Biographie[modifier | modifier le code]

Albert Jean-Baptiste François Joseph Châtelet est le fils de François Châtelet, instituteur, et de Marie Lefebvre[1].

Ses études à l'école primaire ont lieu dans la classe unique de son père, où se trouvent 51 élèves[2]. Puis il devient interne au collège de Saint-Pol-sur-Ternoise. Il se montre brillant élève, cumulant les 1ers prix d'orthographe, de composition française, sciences, histoire , géographie, récitation, diction, et même chaque année un prix de « devoir de vacances »[2].

Il saute la classe de seconde et entre en classe de rhétorique. Après la première partie du baccalauréat, il est admis en classe de mathématique élémentaire. L'élève « très bien doué qui donne les plus grandes espérances », selon son professeur de physique, obtient un 5e accessit de mathématiques au concours général des lycées et collèges[2].

Malgré les hautes fonctions qu'il va occuper au cours de sa carrière, Albert Châtelet ne va pas oublier le collège où il a effectué sa scolarité ː en 1939, il intervient pour favoriser la construction d'un nouvel établissement après l'incendie qui a ravagé le bâtiment principal de l'ancien, et en 1946, malgré sa nomination en Sorbonne, il préside la distribution des prix du mois de juillet[2].

Après la deuxième partie du baccalauréat, il entre en classes préparatoires au lycée de Douai, qui depuis porte son nom ː lycée Albert-Châtelet.

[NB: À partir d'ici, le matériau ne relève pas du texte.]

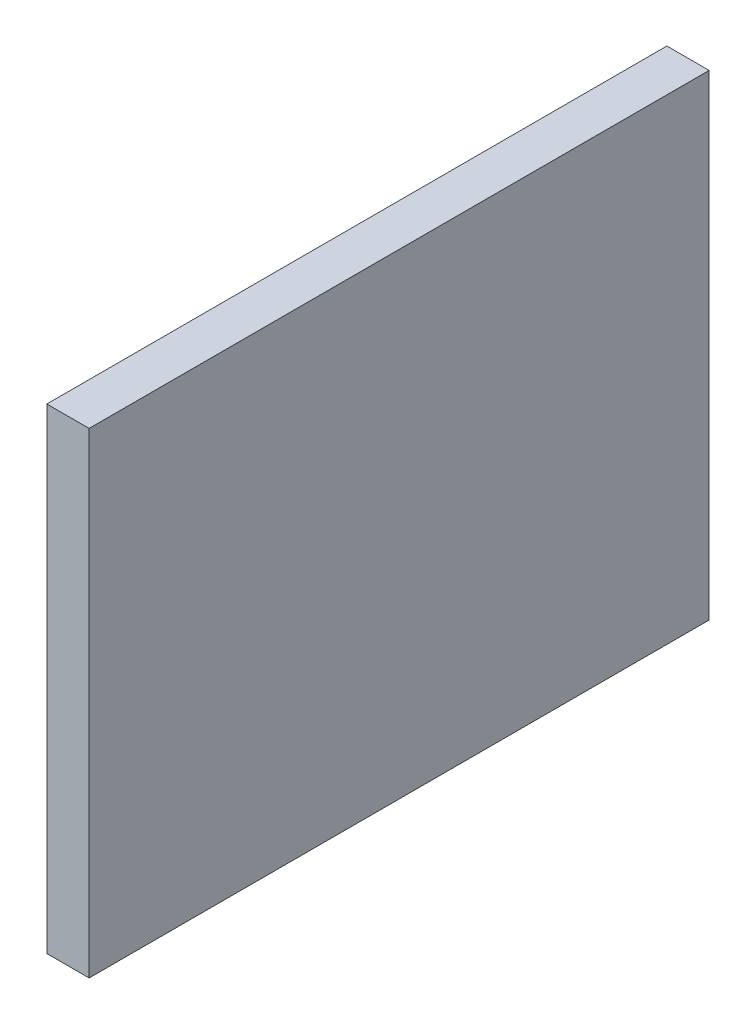
ISO-10303-21;
HEADER;
FILE_DESCRIPTION(('STEP AP214'),'2;1');
FILE_NAME('part.step','',(''),(''),'','','');
FILE_SCHEMA(('AUTOMOTIVE_DESIGN { 1 0 10303 214 1 1 1 1 }'));
ENDSEC;
DATA;
#1=APPLICATION_CONTEXT('core data for automotive mechanical design processes');
#2=APPLICATION_PROTOCOL_DEFINITION('international standard','automotive_design',2000,#1);
#3=PRODUCT_CONTEXT('',#1,'mechanical');
#4=PRODUCT('Part','Part','',(#3));
#5=PRODUCT_RELATED_PRODUCT_CATEGORY('part','',(#4));
#6=PRODUCT_DEFINITION_FORMATION('','',#4);
#7=PRODUCT_DEFINITION_CONTEXT('part definition',#1,'design');
#8=PRODUCT_DEFINITION('design','',#6,#7);
#9=PRODUCT_DEFINITION_SHAPE('','',#8);
#10=(LENGTH_UNIT() NAMED_UNIT(*) SI_UNIT(.MILLI.,.METRE.));
#11=(NAMED_UNIT(*) PLANE_ANGLE_UNIT() SI_UNIT($,.RADIAN.));
#12=(NAMED_UNIT(*) SI_UNIT($,.STERADIAN.) SOLID_ANGLE_UNIT());
#13=UNCERTAINTY_MEASURE_WITH_UNIT(LENGTH_MEASURE(1.E-05),#10,'distance_accuracy_value','');
#14=(GEOMETRIC_REPRESENTATION_CONTEXT(3) GLOBAL_UNCERTAINTY_ASSIGNED_CONTEXT((#13)) GLOBAL_UNIT_ASSIGNED_CONTEXT((#10,
#11,#12)) REPRESENTATION_CONTEXT('',''));
#15=CARTESIAN_POINT('',(0.,0.,0.));
#16=DIRECTION('',(0.,0.,1.));
#17=DIRECTION('',(1.,0.,0.));
#18=AXIS2_PLACEMENT_3D('',#15,#16,#17);
#19=CARTESIAN_POINT('',(3.,-56.7136635749748,-41.0383830188961));
#20=DIRECTION('',(0.,0.,1.));
#21=DIRECTION('',(0.,-1.,0.));
#22=AXIS2_PLACEMENT_3D('',#19,#20,#21);
#23=PLANE('',#22);
#24=DIRECTION('',(0.,1.,0.));
#25=VECTOR('',#24,1.);
#26=CARTESIAN_POINT('',(0.,-56.7136635749748,-41.0383830188961));
#27=LINE('',#26,#25);
#28=CARTESIAN_POINT('',(0.,-56.7136635749748,-41.0383830188961));
#29=VERTEX_POINT('',#28);
#30=CARTESIAN_POINT('',(0.,-22.9377393033587,-41.0383830188961));
#31=VERTEX_POINT('',#30);
#32=EDGE_CURVE('E96',#29,#31,#27,.T.);
#33=ORIENTED_EDGE('',*,*,#32,.T.);
#34=DIRECTION('',(-1.,0.,0.));
#35=VECTOR('',#34,1.);
#36=CARTESIAN_POINT('',(3.,-22.9377393033587,-41.0383830188961));
#37=LINE('',#36,#35);
#38=CARTESIAN_POINT('',(3.,-22.9377393033587,-41.0383830188961));
#39=VERTEX_POINT('',#38);
#40=EDGE_CURVE('E11',#39,#31,#37,.T.);
#41=ORIENTED_EDGE('',*,*,#40,.F.);
#42=DIRECTION('',(0.,1.,0.));
#43=VECTOR('',#42,1.);
#44=CARTESIAN_POINT('',(3.,-56.7136635749748,-41.0383830188961));
#45=LINE('',#44,#43);
#46=CARTESIAN_POINT('',(3.,-56.7136635749748,-41.0383830188961));
#47=VERTEX_POINT('',#46);
#48=EDGE_CURVE('E84',#47,#39,#45,.T.);
#49=ORIENTED_EDGE('',*,*,#48,.F.);
#50=DIRECTION('',(-1.,0.,0.));
#51=VECTOR('',#50,1.);
#52=CARTESIAN_POINT('',(3.,-56.7136635749748,-41.0383830188961));
#53=LINE('',#52,#51);
#54=EDGE_CURVE('E92',#47,#29,#53,.T.);
#55=ORIENTED_EDGE('',*,*,#54,.T.);
#56=EDGE_LOOP('',(#33,#41,#49,#55));
#57=FACE_BOUND('',#56,.T.);
#58=ADVANCED_FACE('F33',(#57),#23,.F.);
#59=CARTESIAN_POINT('',(3.,-22.9377393033587,2.96161698110385));
#60=DIRECTION('',(0.,-1.,0.));
#61=DIRECTION('',(0.,0.,-1.));
#62=AXIS2_PLACEMENT_3D('',#59,#60,#61);
#63=PLANE('',#62);
#64=DIRECTION('',(0.,0.,1.));
#65=VECTOR('',#64,1.);
#66=CARTESIAN_POINT('',(0.,-22.9377393033587,2.96161698110385));
#67=LINE('',#66,#65);
#68=CARTESIAN_POINT('',(0.,-22.9377393033587,2.96161698110385));
#69=VERTEX_POINT('',#68);
#70=EDGE_CURVE('E88',#31,#69,#67,.T.);
#71=ORIENTED_EDGE('',*,*,#70,.T.);
#72=DIRECTION('',(-1.,0.,0.));
#73=VECTOR('',#72,1.);
#74=CARTESIAN_POINT('',(3.,-22.9377393033587,2.96161698110385));
#75=LINE('',#74,#73);
#76=CARTESIAN_POINT('',(3.,-22.9377393033587,2.96161698110385));
#77=VERTEX_POINT('',#76);
#78=EDGE_CURVE('E41',#77,#69,#75,.T.);
#79=ORIENTED_EDGE('',*,*,#78,.F.);
#80=DIRECTION('',(0.,0.,1.));
#81=VECTOR('',#80,1.);
#82=CARTESIAN_POINT('',(3.,-22.9377393033587,2.96161698110385));
#83=LINE('',#82,#81);
#84=EDGE_CURVE('E79',#39,#77,#83,.T.);
#85=ORIENTED_EDGE('',*,*,#84,.F.);
#86=ORIENTED_EDGE('',*,*,#40,.T.);
#87=EDGE_LOOP('',(#71,#79,#85,#86));
#88=FACE_BOUND('',#87,.T.);
#89=ADVANCED_FACE('F87',(#88),#63,.F.);
#90=CARTESIAN_POINT('',(3.,-56.7136635749748,2.96161698110385));
#91=DIRECTION('',(0.,0.,-1.));
#92=DIRECTION('',(-1.,0.,0.));
#93=AXIS2_PLACEMENT_3D('',#90,#91,#92);
#94=PLANE('',#93);
#95=DIRECTION('',(0.,-1.,0.));
#96=VECTOR('',#95,1.);
#97=CARTESIAN_POINT('',(0.,-56.7136635749748,2.96161698110385));
#98=LINE('',#97,#96);
#99=CARTESIAN_POINT('',(0.,-56.7136635749748,2.96161698110385));
#100=VERTEX_POINT('',#99);
#101=EDGE_CURVE('E66',#69,#100,#98,.T.);
#102=ORIENTED_EDGE('',*,*,#101,.T.);
#103=DIRECTION('',(-1.,0.,0.));
#104=VECTOR('',#103,1.);
#105=CARTESIAN_POINT('',(3.,-56.7136635749748,2.96161698110385));
#106=LINE('',#105,#104);
#107=CARTESIAN_POINT('',(3.,-56.7136635749748,2.96161698110385));
#108=VERTEX_POINT('',#107);
#109=EDGE_CURVE('E89',#108,#100,#106,.T.);
#110=ORIENTED_EDGE('',*,*,#109,.F.);
#111=DIRECTION('',(0.,-1.,0.));
#112=VECTOR('',#111,1.);
#113=CARTESIAN_POINT('',(3.,-56.7136635749748,2.96161698110385));
#114=LINE('',#113,#112);
#115=EDGE_CURVE('E82',#77,#108,#114,.T.);
#116=ORIENTED_EDGE('',*,*,#115,.F.);
#117=ORIENTED_EDGE('',*,*,#78,.T.);
#118=EDGE_LOOP('',(#102,#110,#116,#117));
#119=FACE_BOUND('',#118,.T.);
#120=ADVANCED_FACE('F90',(#119),#94,.F.);
#121=CARTESIAN_POINT('',(3.,-56.7136635749748,2.96161698110385));
#122=DIRECTION('',(0.,1.,0.));
#123=DIRECTION('',(0.,0.,1.));
#124=AXIS2_PLACEMENT_3D('',#121,#122,#123);
#125=PLANE('',#124);
#126=DIRECTION('',(0.,0.,-1.));
#127=VECTOR('',#126,1.);
#128=CARTESIAN_POINT('',(0.,-56.7136635749748,2.96161698110385));
#129=LINE('',#128,#127);
#130=EDGE_CURVE('E72',#100,#29,#129,.T.);
#131=ORIENTED_EDGE('',*,*,#130,.T.);
#132=ORIENTED_EDGE('',*,*,#54,.F.);
#133=DIRECTION('',(0.,0.,-1.));
#134=VECTOR('',#133,1.);
#135=CARTESIAN_POINT('',(3.,-56.7136635749748,2.96161698110385));
#136=LINE('',#135,#134);
#137=EDGE_CURVE('E49',#108,#47,#136,.T.);
#138=ORIENTED_EDGE('',*,*,#137,.F.);
#139=ORIENTED_EDGE('',*,*,#109,.T.);
#140=EDGE_LOOP('',(#131,#132,#138,#139));
#141=FACE_BOUND('',#140,.T.);
#142=ADVANCED_FACE('F103',(#141),#125,.F.);
#143=CARTESIAN_POINT('',(3.,0.,0.));
#144=DIRECTION('',(-1.,0.,0.));
#145=DIRECTION('',(0.,0.,1.));
#146=AXIS2_PLACEMENT_3D('',#143,#144,#145);
#147=PLANE('',#146);
#148=ORIENTED_EDGE('',*,*,#48,.T.);
#149=ORIENTED_EDGE('',*,*,#84,.T.);
#150=ORIENTED_EDGE('',*,*,#115,.T.);
#151=ORIENTED_EDGE('',*,*,#137,.T.);
#152=EDGE_LOOP('',(#148,#149,#150,#151));
#153=FACE_BOUND('',#152,.T.);
#154=ADVANCED_FACE('F80',(#153),#147,.F.);
#155=CARTESIAN_POINT('',(0.,0.,0.));
#156=DIRECTION('',(-1.,0.,0.));
#157=DIRECTION('',(0.,0.,1.));
#158=AXIS2_PLACEMENT_3D('',#155,#156,#157);
#159=PLANE('',#158);
#160=ORIENTED_EDGE('',*,*,#32,.F.);
#161=ORIENTED_EDGE('',*,*,#130,.F.);
#162=ORIENTED_EDGE('',*,*,#101,.F.);
#163=ORIENTED_EDGE('',*,*,#70,.F.);
#164=EDGE_LOOP('',(#160,#161,#162,#163));
#165=FACE_BOUND('',#164,.T.);
#166=ADVANCED_FACE('F106',(#165),#159,.T.);
#167=CLOSED_SHELL('',(#58,#89,#120,#142,#154,#166));
#168=MANIFOLD_SOLID_BREP('B2',#167);
#169=ADVANCED_BREP_SHAPE_REPRESENTATION('',(#18,#168),#14);
#170=SHAPE_DEFINITION_REPRESENTATION(#9,#169);
ENDSEC;
END-ISO-10303-21;

Il effectue son service militaire d'octobre 1904 à octobre 1905[3]

Entré à l'École normale supérieure en 1905, il est reçu à l'agrégation de mathématiques en 1908[4]. Il bénéficie d'une bourse de recherche à Paris de 1908 à octobre 1911[3].

Albert Châtelet épouse à Versailles le 17 août 1909 Reine Céline Marguerite Brey[1]. Le couple aura sept enfants[5].

Il est nommé professeur de lycée à Tours en octobre 1911 et le demeure jusqu'en janvier 1913.

Docteur es sciences en 1913, il devient maître de conférences de mécanique à Toulouse, de janvier 1913 à août 1914[3].

Albert Châtelet est mobilisé en 1914, et passe toute la première guerre mondiale sous les drapeaux jusqu'en février 1919[3], officier de réserve au service de santé, également adjoint à l'ingénieur en chef d'artillerie chargé de questions de balistique[6].

En février 1919, démobilisé, il est nommé maître de conférences à Lille et le demeure jusqu'en janvier 1920. En plus de son service à la Faculté des sciences de Lille, il est chargé d'un cours de mathématiques spéciales à l'Institut industriel du Nord (École centrale de Lille)[7],[8]. Il devient ensuite le 16 janvier 1920 professeur titulaire de mathématiques générales puis professeur de mécanique rationnelle et doyen de la faculté des sciences de Lille en 1921.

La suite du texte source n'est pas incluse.